— REQUIRED ACTION —
Every line of the entries below from the one containing "(-22762, 131.56)], flags=0)" to the one containing "(-22743.79, 131.29)], flags=0)", both ends included, must be written out exactly. No other line belongs in the answer.

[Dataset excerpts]
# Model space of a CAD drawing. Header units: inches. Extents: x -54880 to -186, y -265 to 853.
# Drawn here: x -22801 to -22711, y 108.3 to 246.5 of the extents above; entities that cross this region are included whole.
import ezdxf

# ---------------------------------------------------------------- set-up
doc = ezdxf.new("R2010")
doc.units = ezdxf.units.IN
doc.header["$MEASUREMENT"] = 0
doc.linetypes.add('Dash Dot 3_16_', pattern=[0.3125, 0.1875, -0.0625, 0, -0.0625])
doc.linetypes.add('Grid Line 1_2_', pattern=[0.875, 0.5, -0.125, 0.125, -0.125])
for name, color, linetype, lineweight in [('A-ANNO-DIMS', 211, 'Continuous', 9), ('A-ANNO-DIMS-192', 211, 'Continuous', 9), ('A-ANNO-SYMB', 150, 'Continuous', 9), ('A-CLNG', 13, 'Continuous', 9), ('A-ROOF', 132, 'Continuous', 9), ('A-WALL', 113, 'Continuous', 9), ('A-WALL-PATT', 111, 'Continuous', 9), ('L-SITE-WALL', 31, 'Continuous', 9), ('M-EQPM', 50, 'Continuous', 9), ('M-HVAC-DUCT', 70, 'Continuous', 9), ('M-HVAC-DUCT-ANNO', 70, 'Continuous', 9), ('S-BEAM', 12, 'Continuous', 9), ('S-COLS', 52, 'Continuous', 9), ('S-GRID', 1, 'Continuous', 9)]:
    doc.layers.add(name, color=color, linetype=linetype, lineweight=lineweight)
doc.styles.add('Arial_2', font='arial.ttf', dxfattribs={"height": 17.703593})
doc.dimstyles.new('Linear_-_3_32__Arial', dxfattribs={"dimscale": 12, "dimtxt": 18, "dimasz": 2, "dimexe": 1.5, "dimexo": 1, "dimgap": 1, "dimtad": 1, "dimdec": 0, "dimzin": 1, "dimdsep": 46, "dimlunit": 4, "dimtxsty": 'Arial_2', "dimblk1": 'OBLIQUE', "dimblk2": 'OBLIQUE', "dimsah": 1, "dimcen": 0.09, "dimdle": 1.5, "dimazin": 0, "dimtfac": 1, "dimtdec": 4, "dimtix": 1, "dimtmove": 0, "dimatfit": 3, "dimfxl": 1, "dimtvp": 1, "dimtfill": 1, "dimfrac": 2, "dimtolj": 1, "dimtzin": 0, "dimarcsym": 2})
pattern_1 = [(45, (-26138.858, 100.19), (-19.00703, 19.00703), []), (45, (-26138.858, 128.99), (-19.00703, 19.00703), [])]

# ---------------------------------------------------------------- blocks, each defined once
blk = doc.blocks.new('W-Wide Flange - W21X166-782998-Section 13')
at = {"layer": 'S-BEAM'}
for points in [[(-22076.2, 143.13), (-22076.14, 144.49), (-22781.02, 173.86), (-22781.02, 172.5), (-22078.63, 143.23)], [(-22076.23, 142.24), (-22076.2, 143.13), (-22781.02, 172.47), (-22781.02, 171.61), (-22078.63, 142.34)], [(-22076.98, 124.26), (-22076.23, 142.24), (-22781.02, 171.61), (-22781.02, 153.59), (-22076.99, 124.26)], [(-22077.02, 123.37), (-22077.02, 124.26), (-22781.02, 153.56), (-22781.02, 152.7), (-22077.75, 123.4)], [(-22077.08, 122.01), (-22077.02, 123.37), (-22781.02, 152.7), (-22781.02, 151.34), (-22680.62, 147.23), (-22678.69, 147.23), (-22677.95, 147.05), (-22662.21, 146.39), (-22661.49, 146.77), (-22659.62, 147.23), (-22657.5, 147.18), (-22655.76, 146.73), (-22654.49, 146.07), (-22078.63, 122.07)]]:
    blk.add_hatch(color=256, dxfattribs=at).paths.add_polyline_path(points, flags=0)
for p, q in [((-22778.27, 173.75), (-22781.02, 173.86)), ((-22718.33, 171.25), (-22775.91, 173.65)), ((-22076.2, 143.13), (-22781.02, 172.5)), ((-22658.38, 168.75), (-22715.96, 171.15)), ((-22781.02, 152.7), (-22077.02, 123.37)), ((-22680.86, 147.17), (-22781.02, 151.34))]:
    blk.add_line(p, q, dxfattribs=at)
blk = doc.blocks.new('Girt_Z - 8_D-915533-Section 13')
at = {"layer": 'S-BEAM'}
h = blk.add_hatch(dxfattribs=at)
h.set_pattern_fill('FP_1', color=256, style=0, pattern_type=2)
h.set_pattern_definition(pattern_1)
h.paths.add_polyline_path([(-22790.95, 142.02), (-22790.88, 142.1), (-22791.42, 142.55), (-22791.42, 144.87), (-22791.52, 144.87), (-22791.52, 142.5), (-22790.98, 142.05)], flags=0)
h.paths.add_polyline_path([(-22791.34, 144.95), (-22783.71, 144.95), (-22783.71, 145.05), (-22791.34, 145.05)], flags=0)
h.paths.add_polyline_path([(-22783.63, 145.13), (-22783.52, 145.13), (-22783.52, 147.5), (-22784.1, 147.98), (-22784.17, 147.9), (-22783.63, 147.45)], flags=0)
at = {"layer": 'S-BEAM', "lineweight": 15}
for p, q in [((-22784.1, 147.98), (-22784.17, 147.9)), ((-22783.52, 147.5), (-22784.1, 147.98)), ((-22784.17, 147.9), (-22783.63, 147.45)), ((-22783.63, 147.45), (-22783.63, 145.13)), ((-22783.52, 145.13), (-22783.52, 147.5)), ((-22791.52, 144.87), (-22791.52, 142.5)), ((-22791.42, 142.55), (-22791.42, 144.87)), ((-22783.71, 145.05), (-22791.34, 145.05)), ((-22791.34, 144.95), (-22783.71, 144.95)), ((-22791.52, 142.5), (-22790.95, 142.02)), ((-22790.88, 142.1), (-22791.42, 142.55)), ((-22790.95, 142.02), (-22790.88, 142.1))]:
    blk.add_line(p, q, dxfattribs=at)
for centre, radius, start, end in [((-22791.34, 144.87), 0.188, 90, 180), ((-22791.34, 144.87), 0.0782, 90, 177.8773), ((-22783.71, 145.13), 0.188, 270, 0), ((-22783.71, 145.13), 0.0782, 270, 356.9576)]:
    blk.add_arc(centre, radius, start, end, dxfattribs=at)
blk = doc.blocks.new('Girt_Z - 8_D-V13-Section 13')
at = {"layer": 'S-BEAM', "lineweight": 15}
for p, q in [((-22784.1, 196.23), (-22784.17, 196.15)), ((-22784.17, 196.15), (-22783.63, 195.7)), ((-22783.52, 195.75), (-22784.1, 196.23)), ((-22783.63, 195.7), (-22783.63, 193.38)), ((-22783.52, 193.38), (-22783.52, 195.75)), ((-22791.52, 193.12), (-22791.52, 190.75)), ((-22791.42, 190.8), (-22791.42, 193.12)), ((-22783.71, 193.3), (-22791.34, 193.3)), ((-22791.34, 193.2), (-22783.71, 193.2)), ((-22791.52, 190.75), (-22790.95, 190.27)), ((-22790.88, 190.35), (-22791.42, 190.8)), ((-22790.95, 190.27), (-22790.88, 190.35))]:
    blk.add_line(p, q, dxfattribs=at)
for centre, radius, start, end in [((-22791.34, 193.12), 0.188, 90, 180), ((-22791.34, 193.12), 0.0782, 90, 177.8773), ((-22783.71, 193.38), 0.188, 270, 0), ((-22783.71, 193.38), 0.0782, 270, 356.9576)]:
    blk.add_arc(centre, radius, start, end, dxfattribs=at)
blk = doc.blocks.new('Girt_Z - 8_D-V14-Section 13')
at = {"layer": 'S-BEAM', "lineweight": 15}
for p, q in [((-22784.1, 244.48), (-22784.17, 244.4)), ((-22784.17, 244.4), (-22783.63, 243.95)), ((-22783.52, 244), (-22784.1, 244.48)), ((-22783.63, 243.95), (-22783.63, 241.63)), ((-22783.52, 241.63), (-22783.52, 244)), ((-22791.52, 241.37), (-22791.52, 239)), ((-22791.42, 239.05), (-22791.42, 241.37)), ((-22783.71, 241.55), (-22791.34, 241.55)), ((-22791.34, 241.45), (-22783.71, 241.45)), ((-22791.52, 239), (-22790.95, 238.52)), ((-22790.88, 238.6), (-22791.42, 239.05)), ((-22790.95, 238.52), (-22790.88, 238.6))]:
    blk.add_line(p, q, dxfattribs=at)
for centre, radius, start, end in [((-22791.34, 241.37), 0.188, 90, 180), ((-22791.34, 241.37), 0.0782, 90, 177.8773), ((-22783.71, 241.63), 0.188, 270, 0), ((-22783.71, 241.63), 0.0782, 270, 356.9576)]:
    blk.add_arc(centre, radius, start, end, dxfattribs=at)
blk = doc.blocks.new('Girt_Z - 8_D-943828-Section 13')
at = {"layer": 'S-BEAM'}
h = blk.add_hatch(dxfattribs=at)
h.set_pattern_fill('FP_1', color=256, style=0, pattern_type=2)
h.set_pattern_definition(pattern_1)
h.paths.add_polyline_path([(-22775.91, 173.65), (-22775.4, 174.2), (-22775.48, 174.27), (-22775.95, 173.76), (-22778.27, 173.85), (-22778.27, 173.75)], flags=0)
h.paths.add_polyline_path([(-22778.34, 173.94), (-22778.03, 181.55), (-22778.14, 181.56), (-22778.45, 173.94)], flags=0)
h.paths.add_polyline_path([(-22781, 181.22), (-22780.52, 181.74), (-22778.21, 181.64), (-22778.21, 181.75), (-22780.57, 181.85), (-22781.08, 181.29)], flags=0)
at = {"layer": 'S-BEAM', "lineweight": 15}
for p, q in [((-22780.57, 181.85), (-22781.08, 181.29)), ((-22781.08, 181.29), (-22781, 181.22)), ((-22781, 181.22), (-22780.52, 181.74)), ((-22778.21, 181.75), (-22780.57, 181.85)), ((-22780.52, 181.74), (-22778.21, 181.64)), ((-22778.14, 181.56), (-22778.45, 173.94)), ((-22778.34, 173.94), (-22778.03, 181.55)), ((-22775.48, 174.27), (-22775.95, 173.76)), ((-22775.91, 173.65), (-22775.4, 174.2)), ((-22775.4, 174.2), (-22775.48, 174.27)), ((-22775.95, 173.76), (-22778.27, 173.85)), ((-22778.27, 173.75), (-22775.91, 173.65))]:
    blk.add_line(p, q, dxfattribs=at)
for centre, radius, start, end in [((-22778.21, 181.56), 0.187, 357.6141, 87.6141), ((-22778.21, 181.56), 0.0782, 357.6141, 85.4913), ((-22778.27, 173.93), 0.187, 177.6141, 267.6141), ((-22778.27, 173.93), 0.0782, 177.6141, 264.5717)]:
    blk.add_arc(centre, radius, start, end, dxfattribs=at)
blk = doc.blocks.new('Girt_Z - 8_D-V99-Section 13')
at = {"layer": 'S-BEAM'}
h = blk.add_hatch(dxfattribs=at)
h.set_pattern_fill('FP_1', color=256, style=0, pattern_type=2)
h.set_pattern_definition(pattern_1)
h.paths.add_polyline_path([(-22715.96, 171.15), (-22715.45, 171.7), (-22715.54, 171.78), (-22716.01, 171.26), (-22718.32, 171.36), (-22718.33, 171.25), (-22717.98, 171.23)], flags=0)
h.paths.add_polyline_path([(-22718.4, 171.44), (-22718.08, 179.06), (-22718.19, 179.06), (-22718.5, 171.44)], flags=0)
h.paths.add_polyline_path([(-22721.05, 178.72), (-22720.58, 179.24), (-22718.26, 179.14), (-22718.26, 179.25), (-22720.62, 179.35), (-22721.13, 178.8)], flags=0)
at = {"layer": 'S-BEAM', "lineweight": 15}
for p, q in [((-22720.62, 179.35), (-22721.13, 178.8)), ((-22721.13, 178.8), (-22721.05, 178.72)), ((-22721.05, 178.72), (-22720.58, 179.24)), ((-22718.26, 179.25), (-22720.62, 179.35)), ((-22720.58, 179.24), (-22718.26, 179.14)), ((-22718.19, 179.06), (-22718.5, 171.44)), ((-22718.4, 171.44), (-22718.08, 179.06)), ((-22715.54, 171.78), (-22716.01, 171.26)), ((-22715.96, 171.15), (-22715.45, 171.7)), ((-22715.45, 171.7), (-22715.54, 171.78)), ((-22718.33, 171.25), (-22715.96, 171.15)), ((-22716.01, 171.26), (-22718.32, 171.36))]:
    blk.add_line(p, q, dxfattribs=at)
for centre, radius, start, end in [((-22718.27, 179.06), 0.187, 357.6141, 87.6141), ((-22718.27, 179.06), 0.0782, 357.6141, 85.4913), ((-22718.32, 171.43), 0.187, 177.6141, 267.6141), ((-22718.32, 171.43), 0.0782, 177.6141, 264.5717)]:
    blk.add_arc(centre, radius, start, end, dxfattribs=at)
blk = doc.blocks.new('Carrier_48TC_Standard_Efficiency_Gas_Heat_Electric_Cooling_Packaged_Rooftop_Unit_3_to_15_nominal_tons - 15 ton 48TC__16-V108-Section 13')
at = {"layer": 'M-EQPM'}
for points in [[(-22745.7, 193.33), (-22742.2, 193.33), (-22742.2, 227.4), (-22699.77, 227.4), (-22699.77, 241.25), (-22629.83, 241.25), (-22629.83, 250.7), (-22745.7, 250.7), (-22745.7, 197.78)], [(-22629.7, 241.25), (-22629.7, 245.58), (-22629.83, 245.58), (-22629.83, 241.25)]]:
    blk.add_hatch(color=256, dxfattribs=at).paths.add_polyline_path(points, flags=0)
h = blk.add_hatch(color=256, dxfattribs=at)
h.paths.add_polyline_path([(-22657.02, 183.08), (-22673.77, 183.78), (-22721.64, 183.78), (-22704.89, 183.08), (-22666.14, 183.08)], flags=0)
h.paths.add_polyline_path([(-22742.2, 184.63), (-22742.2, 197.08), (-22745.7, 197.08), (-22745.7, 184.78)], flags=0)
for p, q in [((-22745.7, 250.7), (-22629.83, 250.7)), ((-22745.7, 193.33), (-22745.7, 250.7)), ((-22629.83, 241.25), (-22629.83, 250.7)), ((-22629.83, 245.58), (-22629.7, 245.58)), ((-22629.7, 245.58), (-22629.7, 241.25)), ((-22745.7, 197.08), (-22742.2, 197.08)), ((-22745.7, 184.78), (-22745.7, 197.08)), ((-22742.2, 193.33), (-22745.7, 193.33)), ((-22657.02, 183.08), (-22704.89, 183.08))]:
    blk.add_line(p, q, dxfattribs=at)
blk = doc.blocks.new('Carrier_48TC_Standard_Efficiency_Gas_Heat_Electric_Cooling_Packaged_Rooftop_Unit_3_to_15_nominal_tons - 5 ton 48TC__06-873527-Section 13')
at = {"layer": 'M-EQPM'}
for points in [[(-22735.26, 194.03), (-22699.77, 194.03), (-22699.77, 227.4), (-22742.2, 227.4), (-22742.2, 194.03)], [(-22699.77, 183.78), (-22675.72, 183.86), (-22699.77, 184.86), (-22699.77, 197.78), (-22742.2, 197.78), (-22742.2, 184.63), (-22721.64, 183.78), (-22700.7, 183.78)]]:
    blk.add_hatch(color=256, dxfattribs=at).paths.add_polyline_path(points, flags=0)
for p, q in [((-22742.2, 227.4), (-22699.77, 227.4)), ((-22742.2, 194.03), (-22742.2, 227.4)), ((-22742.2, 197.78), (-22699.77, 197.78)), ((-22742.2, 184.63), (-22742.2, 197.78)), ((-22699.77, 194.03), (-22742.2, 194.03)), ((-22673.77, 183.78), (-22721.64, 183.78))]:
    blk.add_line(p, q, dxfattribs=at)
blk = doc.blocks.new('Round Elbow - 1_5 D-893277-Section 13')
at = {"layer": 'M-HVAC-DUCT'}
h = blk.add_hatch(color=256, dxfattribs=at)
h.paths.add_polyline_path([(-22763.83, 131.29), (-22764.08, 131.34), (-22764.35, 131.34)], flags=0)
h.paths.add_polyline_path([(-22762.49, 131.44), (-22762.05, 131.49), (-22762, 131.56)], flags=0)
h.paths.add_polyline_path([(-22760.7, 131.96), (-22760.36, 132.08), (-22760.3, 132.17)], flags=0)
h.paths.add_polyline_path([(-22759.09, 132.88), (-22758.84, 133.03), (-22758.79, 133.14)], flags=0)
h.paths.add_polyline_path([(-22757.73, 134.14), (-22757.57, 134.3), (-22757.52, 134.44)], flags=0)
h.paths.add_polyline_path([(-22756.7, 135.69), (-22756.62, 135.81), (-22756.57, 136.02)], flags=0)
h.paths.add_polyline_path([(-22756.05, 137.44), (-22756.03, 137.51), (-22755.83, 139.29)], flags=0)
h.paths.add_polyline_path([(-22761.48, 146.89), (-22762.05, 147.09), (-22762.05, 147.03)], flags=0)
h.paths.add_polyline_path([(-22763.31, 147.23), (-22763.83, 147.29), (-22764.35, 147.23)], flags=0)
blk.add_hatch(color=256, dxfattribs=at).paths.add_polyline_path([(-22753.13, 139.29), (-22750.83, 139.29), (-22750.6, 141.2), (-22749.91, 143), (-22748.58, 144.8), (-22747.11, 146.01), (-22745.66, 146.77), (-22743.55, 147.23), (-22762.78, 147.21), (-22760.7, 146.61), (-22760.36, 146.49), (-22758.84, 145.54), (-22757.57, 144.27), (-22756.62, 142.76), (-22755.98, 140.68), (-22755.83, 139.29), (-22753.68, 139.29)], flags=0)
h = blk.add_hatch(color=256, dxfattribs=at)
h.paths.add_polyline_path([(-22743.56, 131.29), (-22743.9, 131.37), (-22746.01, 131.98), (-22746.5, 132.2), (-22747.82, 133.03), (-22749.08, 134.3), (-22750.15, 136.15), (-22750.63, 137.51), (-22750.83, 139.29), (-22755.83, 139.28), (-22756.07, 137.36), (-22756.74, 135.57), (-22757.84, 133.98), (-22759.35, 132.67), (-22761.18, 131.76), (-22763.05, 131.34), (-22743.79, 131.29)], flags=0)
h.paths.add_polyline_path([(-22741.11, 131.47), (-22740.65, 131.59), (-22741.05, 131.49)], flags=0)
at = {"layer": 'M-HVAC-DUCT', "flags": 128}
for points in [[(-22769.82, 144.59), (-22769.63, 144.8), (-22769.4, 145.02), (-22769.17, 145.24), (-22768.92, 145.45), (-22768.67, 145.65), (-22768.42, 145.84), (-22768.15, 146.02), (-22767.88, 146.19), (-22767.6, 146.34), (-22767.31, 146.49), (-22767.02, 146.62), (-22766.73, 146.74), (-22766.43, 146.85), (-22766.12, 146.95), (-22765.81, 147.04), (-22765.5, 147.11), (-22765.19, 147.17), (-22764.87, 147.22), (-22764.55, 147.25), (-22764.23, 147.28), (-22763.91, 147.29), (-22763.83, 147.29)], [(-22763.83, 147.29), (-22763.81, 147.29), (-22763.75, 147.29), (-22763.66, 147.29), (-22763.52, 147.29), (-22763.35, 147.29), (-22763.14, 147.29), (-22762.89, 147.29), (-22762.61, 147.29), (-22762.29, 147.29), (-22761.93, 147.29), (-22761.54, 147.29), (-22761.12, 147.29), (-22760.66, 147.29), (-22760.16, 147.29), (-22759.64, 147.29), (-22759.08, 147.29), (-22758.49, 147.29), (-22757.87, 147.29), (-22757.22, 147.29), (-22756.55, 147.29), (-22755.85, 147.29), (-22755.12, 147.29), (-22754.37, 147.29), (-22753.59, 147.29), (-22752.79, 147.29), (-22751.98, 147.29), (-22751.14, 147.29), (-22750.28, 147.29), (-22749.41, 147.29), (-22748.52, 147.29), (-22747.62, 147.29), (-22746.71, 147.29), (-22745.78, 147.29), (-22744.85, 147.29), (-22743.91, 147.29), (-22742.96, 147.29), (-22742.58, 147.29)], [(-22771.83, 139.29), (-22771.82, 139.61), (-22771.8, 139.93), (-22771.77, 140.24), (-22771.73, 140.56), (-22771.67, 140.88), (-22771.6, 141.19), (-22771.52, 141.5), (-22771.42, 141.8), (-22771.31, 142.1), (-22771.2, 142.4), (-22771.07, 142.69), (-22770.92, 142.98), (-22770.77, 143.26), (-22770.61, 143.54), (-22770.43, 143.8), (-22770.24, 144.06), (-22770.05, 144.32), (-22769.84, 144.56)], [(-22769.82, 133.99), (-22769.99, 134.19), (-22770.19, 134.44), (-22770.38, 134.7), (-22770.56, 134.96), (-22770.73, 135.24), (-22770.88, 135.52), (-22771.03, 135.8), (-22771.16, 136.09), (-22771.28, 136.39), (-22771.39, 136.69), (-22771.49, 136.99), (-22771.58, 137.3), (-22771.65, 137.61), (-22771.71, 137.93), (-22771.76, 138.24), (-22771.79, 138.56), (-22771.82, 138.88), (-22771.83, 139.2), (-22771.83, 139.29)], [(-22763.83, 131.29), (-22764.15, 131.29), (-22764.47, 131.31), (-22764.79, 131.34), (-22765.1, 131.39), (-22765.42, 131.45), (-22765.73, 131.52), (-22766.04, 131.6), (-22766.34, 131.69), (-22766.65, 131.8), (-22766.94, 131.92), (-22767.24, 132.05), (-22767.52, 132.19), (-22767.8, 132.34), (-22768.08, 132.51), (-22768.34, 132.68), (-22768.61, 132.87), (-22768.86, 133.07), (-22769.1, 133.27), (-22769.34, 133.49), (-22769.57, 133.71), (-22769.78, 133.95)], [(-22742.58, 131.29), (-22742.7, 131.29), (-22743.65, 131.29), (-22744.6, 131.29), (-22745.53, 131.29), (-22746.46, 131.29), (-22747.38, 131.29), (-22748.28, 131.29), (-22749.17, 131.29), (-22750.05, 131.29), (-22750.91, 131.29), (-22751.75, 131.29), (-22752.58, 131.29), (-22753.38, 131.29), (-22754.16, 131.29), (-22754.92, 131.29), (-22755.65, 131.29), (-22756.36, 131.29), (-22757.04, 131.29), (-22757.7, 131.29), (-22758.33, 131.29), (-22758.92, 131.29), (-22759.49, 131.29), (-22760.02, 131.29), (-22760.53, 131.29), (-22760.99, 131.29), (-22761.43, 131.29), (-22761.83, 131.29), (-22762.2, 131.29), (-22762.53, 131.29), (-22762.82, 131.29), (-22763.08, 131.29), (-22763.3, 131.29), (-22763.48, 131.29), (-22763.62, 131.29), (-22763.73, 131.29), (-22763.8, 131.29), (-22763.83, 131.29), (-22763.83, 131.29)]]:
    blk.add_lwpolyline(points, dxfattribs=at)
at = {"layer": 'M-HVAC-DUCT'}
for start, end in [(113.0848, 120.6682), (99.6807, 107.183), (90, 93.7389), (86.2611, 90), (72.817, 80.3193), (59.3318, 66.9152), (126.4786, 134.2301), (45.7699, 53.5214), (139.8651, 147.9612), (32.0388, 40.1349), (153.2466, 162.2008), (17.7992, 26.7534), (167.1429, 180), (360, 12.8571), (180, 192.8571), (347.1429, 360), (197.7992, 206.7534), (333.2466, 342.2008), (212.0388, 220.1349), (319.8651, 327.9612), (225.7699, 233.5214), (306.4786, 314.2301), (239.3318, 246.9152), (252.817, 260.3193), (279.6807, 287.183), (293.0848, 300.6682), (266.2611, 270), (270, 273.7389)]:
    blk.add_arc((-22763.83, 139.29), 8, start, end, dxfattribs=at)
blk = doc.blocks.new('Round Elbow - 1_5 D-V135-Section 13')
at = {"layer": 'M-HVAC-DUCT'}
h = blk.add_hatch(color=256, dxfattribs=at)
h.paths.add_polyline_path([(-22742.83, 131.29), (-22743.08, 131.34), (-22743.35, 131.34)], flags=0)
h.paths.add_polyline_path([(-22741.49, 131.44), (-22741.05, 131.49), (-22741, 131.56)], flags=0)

— RESPONSE TO THE TASK —
h.paths.add_polyline_path([(-22762.49, 131.44), (-22762.05, 131.49), (-22762, 131.56)], flags=0)
h.paths.add_polyline_path([(-22760.7, 131.96), (-22760.36, 132.08), (-22760.3, 132.17)], flags=0)
h.paths.add_polyline_path([(-22759.09, 132.88), (-22758.84, 133.03), (-22758.79, 133.14)], flags=0)
h.paths.add_polyline_path([(-22757.73, 134.14), (-22757.57, 134.3), (-22757.52, 134.44)], flags=0)
h.paths.add_polyline_path([(-22756.7, 135.69), (-22756.62, 135.81), (-22756.57, 136.02)], flags=0)
h.paths.add_polyline_path([(-22756.05, 137.44), (-22756.03, 137.51), (-22755.83, 139.29)], flags=0)
h.paths.add_polyline_path([(-22761.48, 146.89), (-22762.05, 147.09), (-22762.05, 147.03)], flags=0)
h.paths.add_polyline_path([(-22763.31, 147.23), (-22763.83, 147.29), (-22764.35, 147.23)], flags=0)
blk.add_hatch(color=256, dxfattribs=at).paths.add_polyline_path([(-22753.13, 139.29), (-22750.83, 139.29), (-22750.6, 141.2), (-22749.91, 143), (-22748.58, 144.8), (-22747.11, 146.01), (-22745.66, 146.77), (-22743.55, 147.23), (-22762.78, 147.21), (-22760.7, 146.61), (-22760.36, 146.49), (-22758.84, 145.54), (-22757.57, 144.27), (-22756.62, 142.76), (-22755.98, 140.68), (-22755.83, 139.29), (-22753.68, 139.29)], flags=0)
h = blk.add_hatch(color=256, dxfattribs=at)
h.paths.add_polyline_path([(-22743.56, 131.29), (-22743.9, 131.37), (-22746.01, 131.98), (-22746.5, 132.2), (-22747.82, 133.03), (-22749.08, 134.3), (-22750.15, 136.15), (-22750.63, 137.51), (-22750.83, 139.29), (-22755.83, 139.28), (-22756.07, 137.36), (-22756.74, 135.57), (-22757.84, 133.98), (-22759.35, 132.67), (-22761.18, 131.76), (-22763.05, 131.34), (-22743.79, 131.29)], flags=0)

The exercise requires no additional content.